Not because you are bigger or stronger or leap tall buildings with a single bound (although I have no proof that you don't), but because you care so very much about all the folks who need a hand up to even get to the first floor.

Like you, I am not really comfortable with large groups (like, more than 3). Except when it is Pagans or writers, I guess because they're my peeps. And part of the reason they are my peeps is because I was lucky enough to have someone make me feel welcome, back in the day.

I hope I am that person for a lot of the newbies to either one of these groups--I certainly try to be. Maybe, when I grow up, I'll be half as cool as you. The building leaping, I'll have to work up to.
mtlawson
Jun. 15th, 2014 03:13 pm (UTC)
Great speech, Jim.
thewayne
Jun. 15th, 2014 06:09 pm (UTC)
56K modem? *pfft* You were LUCKY, sonny! There we were, nine of us in shoebox in the middle of the road, using a TRS-80 Model 100 with a 300 baud modem! We thought we were livin' like kings, 'till mum or dad picked up the phone in the corner that was the kitchen (not to be confused with the corner that was the bathroom!) and disconnected us right in the middle of a post!

Actually, I think the dial-up teleprinter we had when I was in grade school was 110 baud.

But seriously, excellent speech. I was lucky, there was a used book store not far from my grade school that sold me used copies of Analog by the proverbial bushel, probably a nickle or dime per copy. IIRC, a paperback was 50 or 75 cents each, I remember getting a copy of Fred Saberhagen's The Dracula Tape at a grocery store that long since ceased to exist. Some friends from high school were equally geeky when it came to reading SF/F, and a couple of us ghosted the 1978(?) WesterCon(?) in Phoenix on its last day when security didn't really care as long as you didn't cause any trouble and we had a blast.

When I was young, I never thought much about the dearth of color or women in SF/F, but I was pretty stupid and ignorant then. Now I definitely prefer books with strong women and different races represented as equals in them, I love Weber's Honor Harrington where the ruler of the Star Kingdom of Manticore is both a woman and black. It makes me re-think fiction that I write to be stronger in representing women, people with different gender identities, and people with different melanin content.

I think it's going to be a very long time before our society is as egalitarian as Weber's, it certainly won't be in my lifetime.
jimhines
Jun. 16th, 2014 12:43 pm (UTC)
By the time I was writing, I think I was up to 56K. But I also remember working with a 2400 baud modem before that, and dealing with the ugly text-based interface for the university's email system.
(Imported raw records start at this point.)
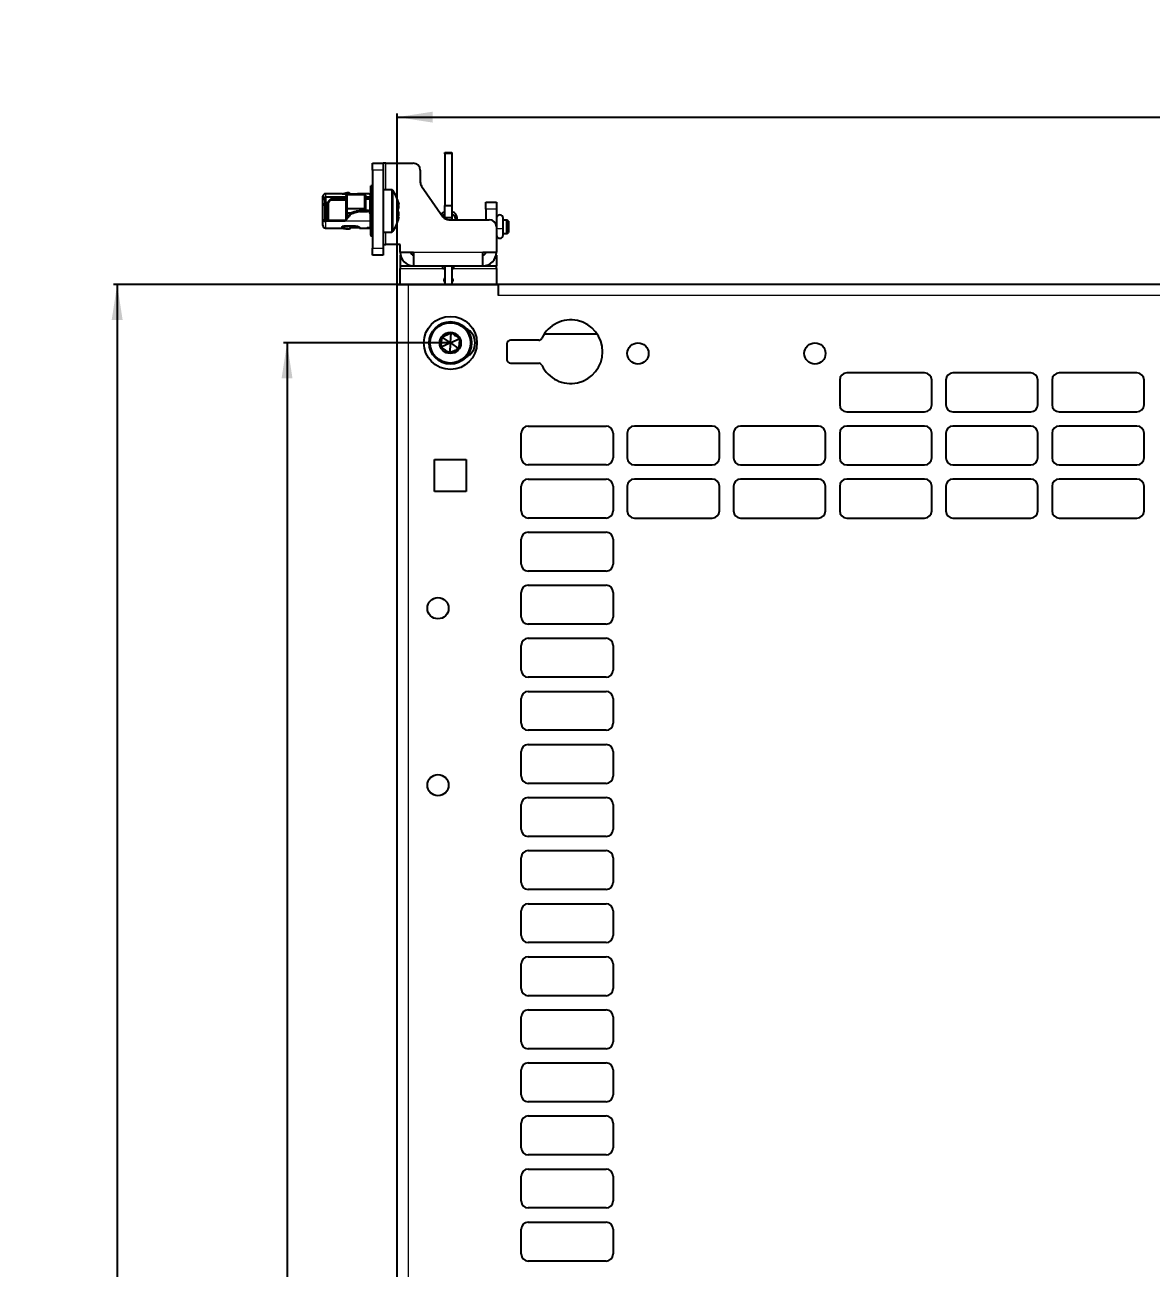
# Model space of a CAD drawing. Header units: millimetres. Extents: x -664 to 840, y 378 to 2003.
# Drawn here: x -664.3 to -346.1, y 1548.4 to 1899.8 of the extents above; entities that cross this region are included whole.
import ezdxf

# ---------------------------------------------------------------- set-up
doc = ezdxf.new("R2010")
doc.units = ezdxf.units.MM
doc.layers.add('FORMAT', color=7, linetype='Continuous')
doc.styles.add('SLDTEXTSTYLE0', font='TXT', dxfattribs={"width": 0.75})
doc.dimstyles.new('SLDDIMSTYLE0', dxfattribs={"dimtxt": 20, "dimasz": 10, "dimexe": 0, "dimexo": 0.0625, "dimgap": 5, "dimtad": 2, "dimdec": 1, "dimrnd": 1e-09, "dimzin": 12, "dimdsep": 46, "dimtxsty": 'SLDTEXTSTYLE0', "dimsah": 1, "dimcen": 0.09, "dimadec": 0, "dimazin": 3, "dimtfac": 1, "dimtofl": 0, "dimtmove": 0, "dimatfit": 3, "dimfxl": 0, "dimfrac": 2, "dimtolj": 1, "dimtzin": 12, "dimarcsym": 0})

# ---------------------------------------------------------------- blocks, each defined once
blk = doc.blocks.new('_D')
at = {"layer": 'FORMAT'}
for p, q in [((-530.6, 1826.4), (-639.24, 1826.4)), ((-638.24, 1826.4), (-638.24, 543.38)), ((-530.6, 543.38), (-639.24, 543.38))]:
    blk.add_line(p, q, dxfattribs=at)
for points in [[(-638.24, 1826.4), (-639.78, 1816.4), (-636.7, 1816.4)], [(-638.24, 543.38), (-636.7, 553.38), (-639.78, 553.38)]]:
    blk.add_solid(points, dxfattribs=at)
at = {"layer": 'FORMAT', "insert": (-664.02, 1155.34), "char_height": 20, "attachment_point": 1, "rotation": 90, "style": 'SLDTEXTSTYLE0'}
blk.add_mtext('1283', dxfattribs=at)
blk = doc.blocks.new('_D_1')
at = {"layer": 'FORMAT'}
for p, q in [((-559.09, 1826.4), (-559.09, 1874.69)), ((-559.09, 1873.69), (-73.09, 1873.69)), ((-73.09, 1826.4), (-73.09, 1874.69))]:
    blk.add_line(p, q, dxfattribs=at)
for points in [[(-559.09, 1873.69), (-549.09, 1872.15), (-549.09, 1875.23)], [(-73.09, 1873.69), (-83.09, 1875.23), (-83.09, 1872.15)]]:
    blk.add_solid(points, dxfattribs=at)
at = {"layer": 'FORMAT', "insert": (-338.25, 1899.47), "char_height": 20, "attachment_point": 1, "style": 'SLDTEXTSTYLE0'}
blk.add_mtext('486', dxfattribs=at)
blk = doc.blocks.new('_D_5')
at = {"layer": 'FORMAT'}
for p, q in [((-544.1, 1809.89), (-591.24, 1809.89)), ((-590.24, 1809.89), (-590.24, 559.89)), ((-544.1, 559.89), (-591.24, 559.89))]:
    blk.add_line(p, q, dxfattribs=at)
for points in [[(-590.24, 1809.89), (-591.78, 1799.89), (-588.7, 1799.89)], [(-590.24, 559.89), (-588.7, 569.89), (-591.78, 569.89)]]:
    blk.add_solid(points, dxfattribs=at)
at = {"layer": 'FORMAT', "insert": (-616.02, 1155.34), "char_height": 20, "attachment_point": 1, "rotation": 90, "style": 'SLDTEXTSTYLE0'}
blk.add_mtext('1250', dxfattribs=at)

msp = doc.modelspace()

# ---------------------------------------------------------------- linework, layer by layer
at = {"color": 7, "linetype": 'Continuous', "lineweight": 25}
for p, q in [((-545.69, 1863.69), (-543.69, 1863.69)), ((-545.69, 1863.32), (-545.69, 1863.69)), ((-545.69, 1863.32), (-545.69, 1848.69)), ((-543.69, 1863.69), (-543.69, 1863.32)), ((-543.69, 1863.32), (-543.69, 1848.69)), ((-566.09, 1860.69), (-563.09, 1860.69)), ((-566.09, 1858.69), (-566.09, 1860.69)), ((-563.09, 1860.69), (-563.09, 1858.69)), ((-562.29, 1860.69), (-563.09, 1860.69)), ((-562.29, 1860.69), (-554.59, 1860.69)), ((-566.09, 1858.69), (-566.09, 1836.69)), ((-563.09, 1858.69), (-563.09, 1836.69)), ((-552.59, 1858.69), (-552.59, 1855.32)), ((-574.69, 1852.04), (-579.39, 1852.04)), ((-574.69, 1852.04), (-574.69, 1852.04)), ((-574.69, 1852.01), (-574.69, 1852.04)), ((-570.89, 1851.93), (-574.19, 1851.93)), ((-572.16, 1851.98), (-572.08, 1851.93)), ((-567.06, 1852.04), (-569.72, 1852.04)), ((-567.04, 1852.04), (-566.79, 1852.04)), ((-566.59, 1844.5), (-566.59, 1854.29)), ((-566.09, 1854.29), (-566.59, 1854.29)), ((-560.76, 1853.19), (-563.09, 1853.19)), ((-552.23, 1854.17), (-546.18, 1845.54)), ((-580.09, 1850.49), (-580.09, 1851.34)), ((-580.09, 1850.49), (-579.59, 1850.49)), ((-580.09, 1849.07), (-580.09, 1850.49)), ((-579.59, 1849.07), (-580.09, 1849.07)), ((-580.09, 1848.84), (-580.09, 1849.07)), ((-579.59, 1848.84), (-580.09, 1848.84)), ((-580.09, 1844.55), (-580.09, 1848.84)), ((-579.59, 1850.49), (-579.59, 1849.07)), ((-579.59, 1849.07), (-579.59, 1848.84)), ((-579.59, 1848.84), (-579.59, 1844.55)), ((-577.39, 1851.05), (-579.39, 1851.05)), ((-579.39, 1849.83), (-579.39, 1849.62)), ((-578.89, 1849.45), (-579.39, 1849.45)), ((-579.39, 1849.45), (-579.39, 1849.21)), ((-579.39, 1849.21), (-578.89, 1849.21)), ((-579.39, 1849.04), (-579.39, 1848.61)), ((-579.09, 1848.61), (-579.39, 1848.61)), ((-579.39, 1848.61), (-579.39, 1848.46)), ((-579.39, 1848.46), (-579.09, 1848.46)), ((-579.09, 1844.69), (-579.09, 1849.21)), ((-578.89, 1849.21), (-578.89, 1849.45)), ((-578.59, 1849.57), (-578.59, 1844.56)), ((-573.49, 1850.19), (-577.91, 1850.19)), ((-577.39, 1850.65), (-577.39, 1851.05)), ((-573.49, 1851.05), (-577.39, 1851.05)), ((-577.39, 1850.65), (-573.49, 1850.65)), ((-573.49, 1851.51), (-573.37, 1851.75)), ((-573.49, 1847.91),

Ah, the good old days...
thewayne
Jun. 16th, 2014 02:24 pm (UTC)
Here's a stroll down memory lane for ya: I've been cleaning out a store room and came across a box of old game CDs. On Saturday I found that In with the CDs was a copy of NT 4 (also 98 and 95). I actually have it running on my 27" iMac in a VM, but I can't figure out how to get the resolution up to run my old games on it.

It's really weird thinking 'I only need to give this OS 512k of ram'.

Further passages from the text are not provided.